被災して石巻市河北町の避難所にいる親子。高橋智恵さん(右)と二男の遼君(写真:村上 昭浩、以下同)

 高橋さんは、かつて長男が高校生だった時に奨学金の案内をもらったことがあった。当時は月5000円程度を貸与されるので、利用する利点が薄いと判断し借りなかった。また、なるべく借金せずに乗り切ろうという意識があったという。

 だが、今回は状況が違う。「奨学金のことはあまり知りませんが、もし利用できる奨学金があれば検討してみたいです。ですが、高校からは特に奨学金の案内はないです」と高橋さんは話す。避難所に置かれていた奨学金案内チラシ2種類は保護者が死亡したケースが対象で、高橋さんの家族のようなケースは該当しない。

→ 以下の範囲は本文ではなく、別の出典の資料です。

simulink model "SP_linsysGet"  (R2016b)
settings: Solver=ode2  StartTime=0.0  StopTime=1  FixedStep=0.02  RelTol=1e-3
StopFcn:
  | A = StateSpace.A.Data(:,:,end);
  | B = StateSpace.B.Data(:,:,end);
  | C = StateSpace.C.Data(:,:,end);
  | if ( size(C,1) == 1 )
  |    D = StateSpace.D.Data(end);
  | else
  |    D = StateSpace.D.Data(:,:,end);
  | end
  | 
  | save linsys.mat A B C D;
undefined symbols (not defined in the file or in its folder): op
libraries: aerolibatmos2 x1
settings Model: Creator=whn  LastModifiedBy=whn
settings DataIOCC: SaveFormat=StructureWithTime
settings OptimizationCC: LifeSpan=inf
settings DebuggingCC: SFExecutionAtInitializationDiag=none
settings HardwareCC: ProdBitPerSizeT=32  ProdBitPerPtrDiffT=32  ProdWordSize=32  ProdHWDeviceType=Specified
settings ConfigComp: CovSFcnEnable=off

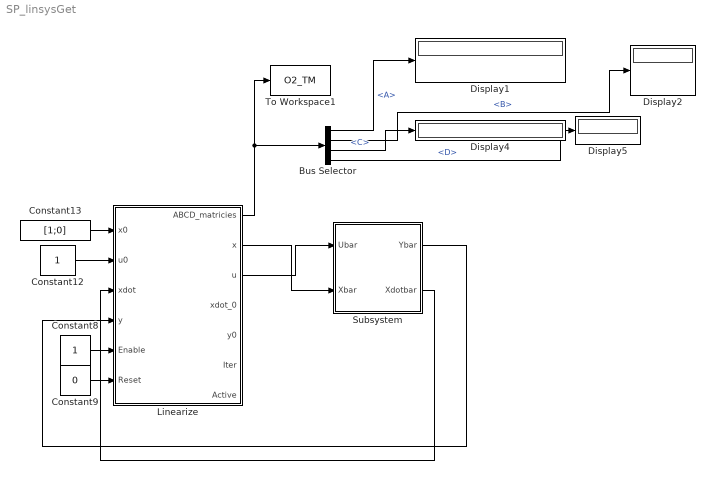
== system SP_linsysGet ==
  Bus Selector : BusSelector  OutputSignals=A,B,C,D
  Constant12 : Constant  VectorParams1D=off
  Constant13 : Constant  Value=[1;0]  VectorParams1D=off
  Constant8 : Constant
  Constant9 : Constant  Value=0
  Display{1..2,4..5} (4 alike) : Display
  Linearize : Subsystem  TreatAsAtomicUnit=on  mask(T-MATS: Linearize Library Block){N_XPer_M=[0.001 0.001], N_UPer_M=0.001, N_Y_M=1}
      mask prompts: N_XPer_M "N_XPer_M - x Perturbation values (mx1)"; N_UPer_M "N_UPer_M - u Perturbation values (nx1)"; N_Y_M "N_Y_M - Number of expected y values (1x1)"
      mask help:
      | Determine State-space equation for a given system where:
      |
      | (xdot - xdot_0) = A*(x - x0) + B*(u - u0)
      | (y - y0) = C*(x - x0) + D*(u - u0)
      |
      | During operation each plant state (x) and input (u) will be set to an initial condition then perturbed separately. Perturbed inputs and system effects are compared against the baseline to determine the A,B,C, and D matricies. Perturbation sized are specified below. x0, u0, xdot_0, and y0 values are initial conditions.
      | Matrix sizes are specified as:
      | xdot and x : mx1
      | y : px1
      | u : nx1
      | A : mxm
      | B : mxn
      | C : pxm
      | D : pxn
      mask Help: web(which('Solver_TMATS_Linearize.html'),'-helpbrowser')
  Subsystem : Subsystem
  To Workspace1 : ToWorkspace  VariableName=O2_TM  SaveFormat=Timeseries  SampleTime=-1
  wires:
  Constant8/1 -> Linearize/5(Enable)
  Constant9/1 -> Linearize/6(Reset)
  Constant12/1 -> Linearize/2(u0)
  Constant13/1 -> Linearize/1(x0)
  Bus Selector/1 -> Display1/1  "<A>"
  Bus Selector/2 -> Display2/1  "<B>"
  Bus Selector/3 -> Display4/1  "<C>"
  Bus Selector/4 -> Display5/1  "<D>"
  Linearize/1(ABCD_matricies) -> Bus Selector/1, To Workspace1/1
  Linearize/3(u) -> Subsystem/1(Ubar)
  Subsystem/1(Ybar) -> Linearize/4(y)
  Subsystem/2(Xdotbar) -> Linearize/3(xdot)
  Linearize/2(x) -> Subsystem/2(Xbar)

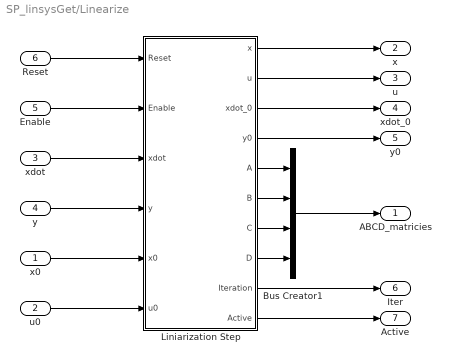
== system SP_linsysGet/Linearize ==
  x0 : Inport
  u0 : Inport  Port=2
  xdot : Inport  Port=3
  y : Inport  Port=4
  Enable : Inport  Port=5
  Reset : Inport  Port=6
  Bus Creator1 : BusCreator  Inputs=4
  Liniarization Step : Subsystem  TreatAsAtomicUnit=on
  ABCD_matricies : Outport
  x : Outport  Port=2
  u : Outport  Port=3
  xdot_0 : Outport  Port=4
  y0 : Outport  Port=5
  Iter : Outport  Port=6
  Active : Outport  Port=7
  wires:
  Enable/1 -> Liniarization Step/2(Enable)
  xdot/1 -> Liniarization Step/3(xdot)
  Bus Creator1/1 -> ABCD_matricies/1
  Reset/1 -> Liniarization Step/1(Reset)
  Liniarization Step/1(x) -> x/1
  Liniarization Step/2("u ") -> u/1
  Liniarization Step/5(A) -> Bus Creator1/1
  Liniarization Step/6(B) -> Bus Creator1/2
  Liniarization Step/7(C) -> Bus Creator1/3
  Liniarization Step/8(D) -> Bus Creator1/4
  y/1 -> Liniarization Step/4(y)
  x0/1 -> Liniarization Step/5(x0)
  u0/1 -> Liniarization Step/6(u0)
  Liniarization Step/9(Iteration) -> Iter/1
  Liniarization Step/10(Active) -> Active/1
  Liniarization Step/3(xdot_0) -> xdot_0/1
  Liniarization Step/4(y0) -> y0/1

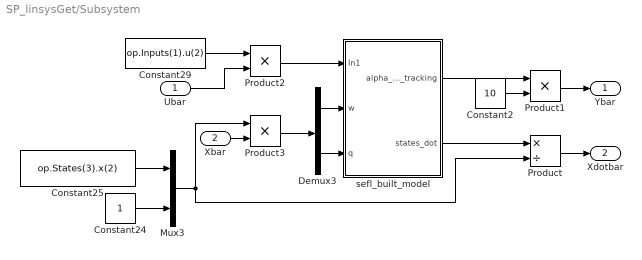
== system SP_linsysGet/Subsystem ==
  Ubar : Inport
  Xbar : Inport  Port=2
  Constant2 : Constant  Value=10
  Constant24 : Constant
  Constant25 : Constant  Value=op.States(3).x(2)
  Constant29 : Constant  Value=op.Inputs(1).u(2)
  Demux3 : Demux  Outputs=2
  Mux3 : Mux  Inputs=2
  Product : Product  Inputs=*/
  Product1 : Product
  Product2 : Product
  Product3 : Product
  sefl_built_model : Subsystem
  Ybar : Outport
  Xdotbar : Outport  Port=2
  wires:
  Mux3/1 -> Product/2, Product3/1
  Xbar/1 -> Product3/2
  sefl_built_model/1(alpha_for_tracking) -> Product1/1
  Product1/1 -> Ybar/1
  Product3/1 -> Demux3/1
  sefl_built_model/2(states_dot) -> Product/1
  Constant29/1 -> Product2/1
  Constant2/1 -> Product1/2
  Product2/1 -> sefl_built_model/1(In1)
  Product/1 -> Xdotbar/1
  Demux3/1 -> sefl_built_model/2(w)
  Constant25/1 -> Mux3/1
  Constant24/1 -> Mux3/2
  Demux3/2 -> sefl_built_model/3(q)
  Ubar/1 -> Product2/2

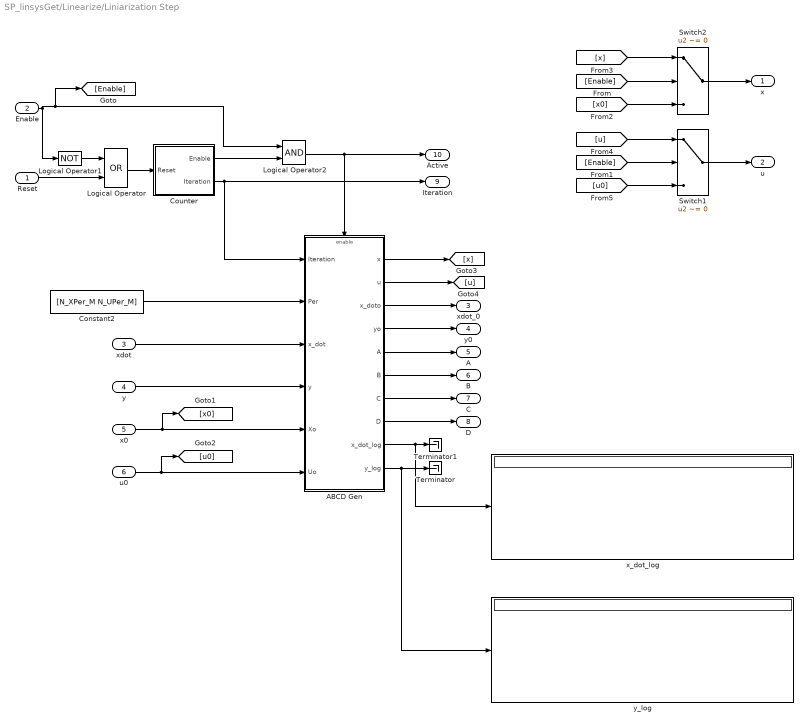
== system SP_linsysGet/Linearize/Liniarization Step ==
  Reset : Inport
  Enable : Inport  Port=2
  xdot : Inport  Port=3
  y : Inport  Port=4
  x0 : Inport  Port=5
  u0 : Inport  Port=6
  ABCD Gen : Subsystem
  Constant2 : Constant  Value=[N_XPer_M N_UPer_M]
  Counter : Subsystem  mask{N_Ind_M=length(N_XPer_M) + length(N_UPer_M)}
      mask prompts: N_Ind_M "number of independents, N_Ind_M"
  Logical Operator : Logic  Operator=OR  AllPortsSameDT=off  OutDataTypeStr=boolean
  Logical Operator1 : Logic  Operator=NOT  AllPortsSameDT=off  OutDataTypeStr=boolean
  Logical Operator2 : Logic  AllPortsSameDT=off  OutDataTypeStr=boolean
  Switch1 : Switch  Criteria=u2 ~= 0
  Switch2 : Switch  Criteria=u2 ~= 0
  Terminator : Terminator
  Terminator1 : Terminator
  x_dot_log : Display
  y_log : Display
  x : Outport
  "u " : Outport  Port=2
  xdot_0 : Outport  Port=3
  y0 : Outport  Port=4
  A : Outport  Port=5
  B : Outport  Port=6
  C : Outport  Port=7
  D : Outport  Port=8
  Iteration : Outport  Port=9
  Active : Outport  Port=10
  wires:
  [x] -> Switch2/1
  [x0] -> Switch2/3
  [u0] -> Switch1/3
  [u] -> Switch1/1
  Switch1/1 -> "u "/1
  Switch2/1 -> x/1
  [Enable] -> Switch1/2
  [Enable] -> Switch2/2
  Enable/1 -> Logical Operator1/1, Logical Operator2/1, [Enable]
  Counter/1(Enable) -> Logical Operator2/2
  Logical Operator1/1 -> Logical Operator/1
  Logical Operator/1 -> Counter/1(Reset)
  ABCD Gen/7(C) -> C/1
  ABCD Gen/8(D) -> D/1
  Counter/2(Iteration) -> ABCD Gen/1(Iteration), Iteration/1
  x0/1 -> ABCD Gen/5(Xo), [x0]
  Logical Operator2/1 -> Active/1, ABCD Gen/Enable
  Reset/1 -> Logical Operator/2
  ABCD Gen/1(x) -> [x]
  Constant2/1 -> ABCD Gen/2(Per)
  xdot/1 -> ABCD Gen/3(x_dot)
  u0/1 -> ABCD Gen/6(Uo), [u0]
  y/1 -> ABCD Gen/4(y)
  ABCD Gen/10(y_log) -> y_log/1, Terminator/1
  ABCD Gen/9(x_dot_log) -> x_dot_log/1, Terminator1/1
  ABCD Gen/2(u) -> [u]
  ABCD Gen/5(A) -> A/1
  ABCD Gen/6(B) -> B/1
  ABCD Gen/3(x_doto) -> xdot_0/1
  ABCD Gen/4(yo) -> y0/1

 また、避難所に暮らしているとインターネットなども自由には使えず、どのような奨学金や支援策があるか、知る手段が限られる。それ以前に、多くの被災者は生活の根底から建て直しを迫られ、子供の学費などの手当てに意識がまだ向いていない状況だ。

まだ奨学金のことを考える余裕がない

 被災地の石巻市にある宮城県立石巻高等学校は4月21日から授業を再開した。同校の吉田玲子教頭は、「学校が始まってからすぐに、保護者へ奨学金の案内プリントを渡しましたが、反応は少ないです。奨学金のシステムがよく分からないということもあるでしょうが、それ以上に、まだ保護者が奨学金のことを考える余裕がないようです。本校でも、避難所から通学し弁当が持参できず、昼食代もない生徒が20人くらいおります。奨学金を必要とする生徒は少なくないはずです」と言う。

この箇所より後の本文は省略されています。